Work instruction – Write out every entry precisely as given, leaving the pictures out.

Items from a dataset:

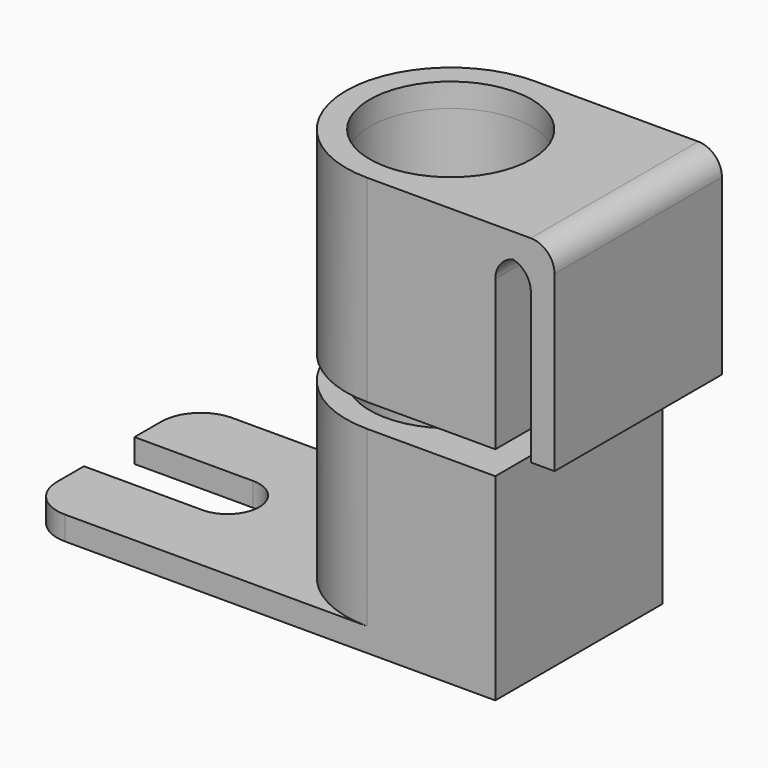
from build123d import *

# Parameters (mm, degrees)
F0_R        = 10.25
F0_W        = 4.5
F0_H        = 26.5
F0_W_2      = 3
F1_DEPTH    = 3
F2_DEPTH    = 22
F3_T1_DEPTH = 26.5
F3_T3_DEPTH = 41.5
F5_R        = 10.25
F6_DEPTH    = 22
F7_DEPTH    = 3
F8_R        = 5


# Not quite as in the source:
# - a fillet or chamfer that OpenCascade refuses, or shapes differently, is made with other operations: its cross-section is extruded or revolved along the edge and cut away or added


with BuildPart() as f1:
    # F0 (on Top) → F1 (new body)
    with BuildSketch(Plane.XY):
        with BuildLine():
            ThreePointArc((0, -13.25), (9.3691648507, -9.3691648507), (13.25, 0))
            ThreePointArc((13.25, 0), (9.3691648507, 9.3691648507), (0, 13.25))
            ThreePointArc((0, 13.25), (-13.25, 0), (0, -13.25))
        make_face()
        Circle(F0_R, mode=Mode.SUBTRACT)
        with BuildLine():
            Line((13.25, -13.25), (13.25, 0))
            ThreePointArc((13.25, 0), (9.3691648507, -9.3691648507), (0, -13.25))
            Line((0, -13.25), (13.25, -13.25))
        make_face()
        with BuildLine():
            ThreePointArc((0, 13.25), (9.3691648507, 9.3691648507), (13.25, 0))
            Line((13.25, 0), (13.25, 13.25))
            Line((13.25, 13.25), (0, 13.25))
        make_face()
        Polygon((13.25, 13.25), (13.25, 0), (13.25, -13.25), (16.25, -13.25), (16.25, 13.25), align=None)
        with Locations((18.5, 0)):
            Rectangle(F0_W, F0_H)
        with Locations((22.25, 0)):
            Rectangle(F0_W_2, F0_H)
    extrude(amount=F1_DEPTH)

    # F0 (on Top) → F2 (join)
    with BuildSketch(Plane.XY):
        with BuildLine():
            ThreePointArc((0, -13.25), (9.3691648507, -9.3691648507), (13.25, 0))
            ThreePointArc((13.25, 0), (9.3691648507, 9.3691648507), (0, 13.25))
            ThreePointArc((0, 13.25), (-13.25, 0), (0, -13.25))
        make_face()
        Circle(F0_R, mode=Mode.SUBTRACT)
        with BuildLine():
            ThreePointArc((0, 13.25), (9.3691648507, 9.3691648507), (13.25, 0))
            Line((13.25, 0), (13.25, 13.25))
            Line((13.25, 13.25), (0, 13.25))
        make_face()
        Polygon((13.25, 13.25), (13.25, 0), (13.25, -13.25), (16.25, -13.25), (16.25, 13.25), align=None)
        with Locations((22.25, 0)):
            Rectangle(F0_W_2, F0_H)
        with BuildLine():
            Line((13.25, -13.25), (13.25, 0))
            ThreePointArc((13.25, 0), (9.3691648507, -9.3691648507), (0, -13.25))
            Line((0, -13.25), (13.25, -13.25))
        make_face()
    extrude(amount=-F2_DEPTH)

    # F3: fillet of radius 3 on 3 edges, made by hand

    # F3_s2 → F3_t1 (join)
    with BuildSketch(Plane.XZ.offset(-13.25)):
        with BuildLine():
            ThreePointArc((16.25, -3), (17.1286796564, -0.8786796564), (19.25, 0))
            Line((19.25, 0), (16.25, 0))
            Line((16.25, 0), (16.25, -3))
        make_face()
        with BuildLine():
            ThreePointArc((17.75, 0), (19.8713203436, -0.8786796564), (20.75, -3))
            Line((20.75, -3), (20.75, 0))
            Line((20.75, 0), (17.75, 0))
        make_face()
    extrude(amount=F3_T1_DEPTH)

    # F3_s4 → F3_t3 (cut)
    with BuildSketch(Plane.XZ.offset(-20.75)):
        with BuildLine():
            ThreePointArc((20.75, 3), (22.8713203436, 2.1213203436), (23.75, 0))
            Line((23.75, 0), (23.75, 3))
            Line((23.75, 3), (20.75, 3))
        make_face()
    extrude(amount=F3_T3_DEPTH, mode=Mode.SUBTRACT)


with BuildPart() as f6:
    # F5 (on offset) → F6 (new body)
    with BuildSketch(Plane(origin=(0, 0, -47), x_dir=(1, 0, 0), z_dir=(0, 0, -1))):
        with BuildLine():
            Line((16.25, 13.25), (0, 13.25))
            ThreePointArc((0, 13.25), (-13.25, 0), (0, -13.25))
            Line((0, -13.25), (16.25, -13.25))
            Line((16.25, -13.25), (16.25, 13.25))
        make_face()
        Circle(F5_R, mode=Mode.SUBTRACT)
    extrude(amount=-F6_DEPTH)

    # F5 (on offset) → F7 (join)
    with BuildSketch(Plane(origin=(0, 0, -47), x_dir=(1, 0, 0), z_dir=(0, 0, -1))):
        with BuildLine():
            Line((16.25, 13.25), (0, 13.25))
            ThreePointArc((0, 13.25), (-13.25, 0), (0, -13.25))
            Line((0, -13.25), (16.25, -13.25))
            Line((16.25, -13.25), (16.25, 13.25))
        make_face()
        Circle(F5_R, mode=Mode.SUBTRACT)
        with BuildLine():
            ThreePointArc((0, -13.25), (-13.25, 0), (0, 13.25))
            Line((0, 13.25), (-43.25, 13.25))
            Line((-43.25, 13.25), (-43.25, 4))
            Line((-43.25, 4), (-28.25, 4))
            ThreePointArc((-28.25, 4), (-24.25, 0), (-28.25, -4))
            Line((-28.25, -4), (-43.25, -4))
            Line((-43.25, -4), (-43.25, -13.25))
            Line((-43.25, -13.25), (0, -13.25))
        make_face()
    extrude(amount=F7_DEPTH)

    # F8
    f8_edges = [f6.edges().sort_by_distance(p)[0] for p in [
        (-43.25, -13.25, -48.5),
        (-43.25, 13.25, -48.5),
    ]]
    fillet(f8_edges, radius=F8_R)


solid = Compound([f1.part, f6.part])

Result for this exercise –
from build123d import *

# Parameters (mm, degrees)
F0_R        = 10.25
F0_W        = 4.5
F0_H        = 26.5
F0_W_2      = 3
F1_DEPTH    = 3
F2_DEPTH    = 22
F3_T1_DEPTH = 26.5
F3_T3_DEPTH = 41.5
F5_R        = 10.25
F6_DEPTH    = 22
F7_DEPTH    = 3
F8_R        = 5


# Not quite as in the source:
# - a fillet or chamfer that OpenCascade refuses, or shapes differently, is made with other operations: its cross-section is extruded or revolved along the edge and cut away or added


with BuildPart() as f1:
    # F0 (on Top) → F1 (new body)
    with BuildSketch(Plane.XY):
        with BuildLine():
            ThreePointArc((0, -13.25), (9.3691648507, -9.3691648507), (13.25, 0))
            ThreePointArc((13.25, 0), (9.3691648507, 9.3691648507), (0, 13.25))
            ThreePointArc((0, 13.25), (-13.25, 0), (0, -13.25))
        make_face()
        Circle(F0_R, mode=Mode.SUBTRACT)
        with BuildLine():
            Line((13.25, -13.25), (13.25, 0))
            ThreePointArc((13.25, 0), (9.3691648507, -9.3691648507), (0, -13.25))
            Line((0, -13.25), (13.25, -13.25))
        make_face()
        with BuildLine():
            ThreePointArc((0, 13.25), (9.3691648507, 9.3691648507), (13.25, 0))
            Line((13.25, 0), (13.25, 13.25))
            Line((13.25, 13.25), (0, 13.25))
        make_face()
        Polygon((13.25, 13.25), (13.25, 0), (13.25, -13.25), (16.25, -13.25), (16.25, 13.25), align=None)
        with Locations((18.5, 0)):
            Rectangle(F0_W, F0_H)
        with Locations((22.25, 0)):
            Rectangle(F0_W_2, F0_H)
    extrude(amount=F1_DEPTH)

    # F0 (on Top) → F2 (join)
    with BuildSketch(Plane.XY):
        with BuildLine():
            ThreePointArc((0, -13.25), (9.3691648507, -9.3691648507), (13.25, 0))
            ThreePointArc((13.25, 0), (9.3691648507, 9.3691648507), (0, 13.25))
            ThreePointArc((0, 13.25), (-13.25, 0), (0, -13.25))
        make_face()
        Circle(F0_R, mode=Mode.SUBTRACT)
        with BuildLine():
            ThreePointArc((0, 13.25), (9.3691648507, 9.3691648507), (13.25, 0))
            Line((13.25, 0), (13.25, 13.25))
            Line((13.25, 13.25), (0, 13.25))
        make_face()
        Polygon((13.25, 13.25), (13.25, 0), (13.25, -13.25), (16.25, -13.25), (16.25, 13.25), align=None)
        with Locations((22.25, 0)):
            Rectangle(F0_W_2, F0_H)
        with BuildLine():
            Line((13.25, -13.25), (13.25, 0))
            ThreePointArc((13.25, 0), (9.3691648507, -9.3691648507), (0, -13.25))
            Line((0, -13.25), (13.25, -13.25))
        make_face()
    extrude(amount=-F2_DEPTH)

    # F3: fillet of radius 3 on 3 edges, made by hand

    # F3_s2 → F3_t1 (join)
    with BuildSketch(Plane.XZ.offset(-13.25)):
        with BuildLine():
            ThreePointArc((16.25, -3), (17.1286796564, -0.8786796564), (19.25, 0))
            Line((19.25, 0), (16.25, 0))
            Line((16.25, 0), (16.25, -3))
        make_face()
        with BuildLine():
            ThreePointArc((17.75, 0), (19.8713203436, -0.8786796564), (20.75, -3))
            Line((20.75, -3), (20.75, 0))
            Line((20.75, 0), (17.75, 0))
        make_face()
    extrude(amount=F3_T1_DEPTH)

    # F3_s4 → F3_t3 (cut)
    with BuildSketch(Plane.XZ.offset(-20.75)):
        with BuildLine():
            ThreePointArc((20.75, 3), (22.8713203436, 2.1213203436), (23.75, 0))
            Line((23.75, 0), (23.75, 3))
            Line((23.75, 3), (20.75, 3))
        make_face()
    extrude(amount=F3_T3_DEPTH, mode=Mode.SUBTRACT)


with BuildPart() as f6:
    # F5 (on offset) → F6 (new body)
    with BuildSketch(Plane(origin=(0, 0, -47), x_dir=(1, 0, 0), z_dir=(0, 0, -1))):
        with BuildLine():
            Line((16.25, 13.25), (0, 13.25))
            ThreePointArc((0, 13.25), (-13.25, 0), (0, -13.25))
            Line((0, -13.25), (16.25, -13.25))
            Line((16.25, -13.25), (16.25, 13.25))
        make_face()
        Circle(F5_R, mode=Mode.SUBTRACT)
    extrude(amount=-F6_DEPTH)

    # F5 (on offset) → F7 (join)
    with BuildSketch(Plane(origin=(0, 0, -47), x_dir=(1, 0, 0), z_dir=(0, 0, -1))):
        with BuildLine():
            Line((16.25, 13.25), (0, 13.25))
            ThreePointArc((0, 13.25), (-13.25, 0), (0, -13.25))
            Line((0, -13.25), (16.25, -13.25))
            Line((16.25, -13.25), (16.25, 13.25))
        make_face()
        Circle(F5_R, mode=Mode.SUBTRACT)
        with BuildLine():
            ThreePointArc((0, -13.25), (-13.25, 0), (0, 13.25))
            Line((0, 13.25), (-43.25, 13.25))
            Line((-43.25, 13.25), (-43.25, 4))
            Line((-43.25, 4), (-28.25, 4))
            ThreePointArc((-28.25, 4), (-24.25, 0), (-28.25, -4))
            Line((-28.25, -4), (-43.25, -4))
            Line((-43.25, -4), (-43.25, -13.25))
            Line((-43.25, -13.25), (0, -13.25))
        make_face()
    extrude(amount=F7_DEPTH)

    # F8
    f8_edges = [f6.edges().sort_by_distance(p)[0] for p in [
        (-43.25, -13.25, -48.5),
        (-43.25, 13.25, -48.5),
    ]]
    fillet(f8_edges, radius=F8_R)


solid = Compound([f1.part, f6.part])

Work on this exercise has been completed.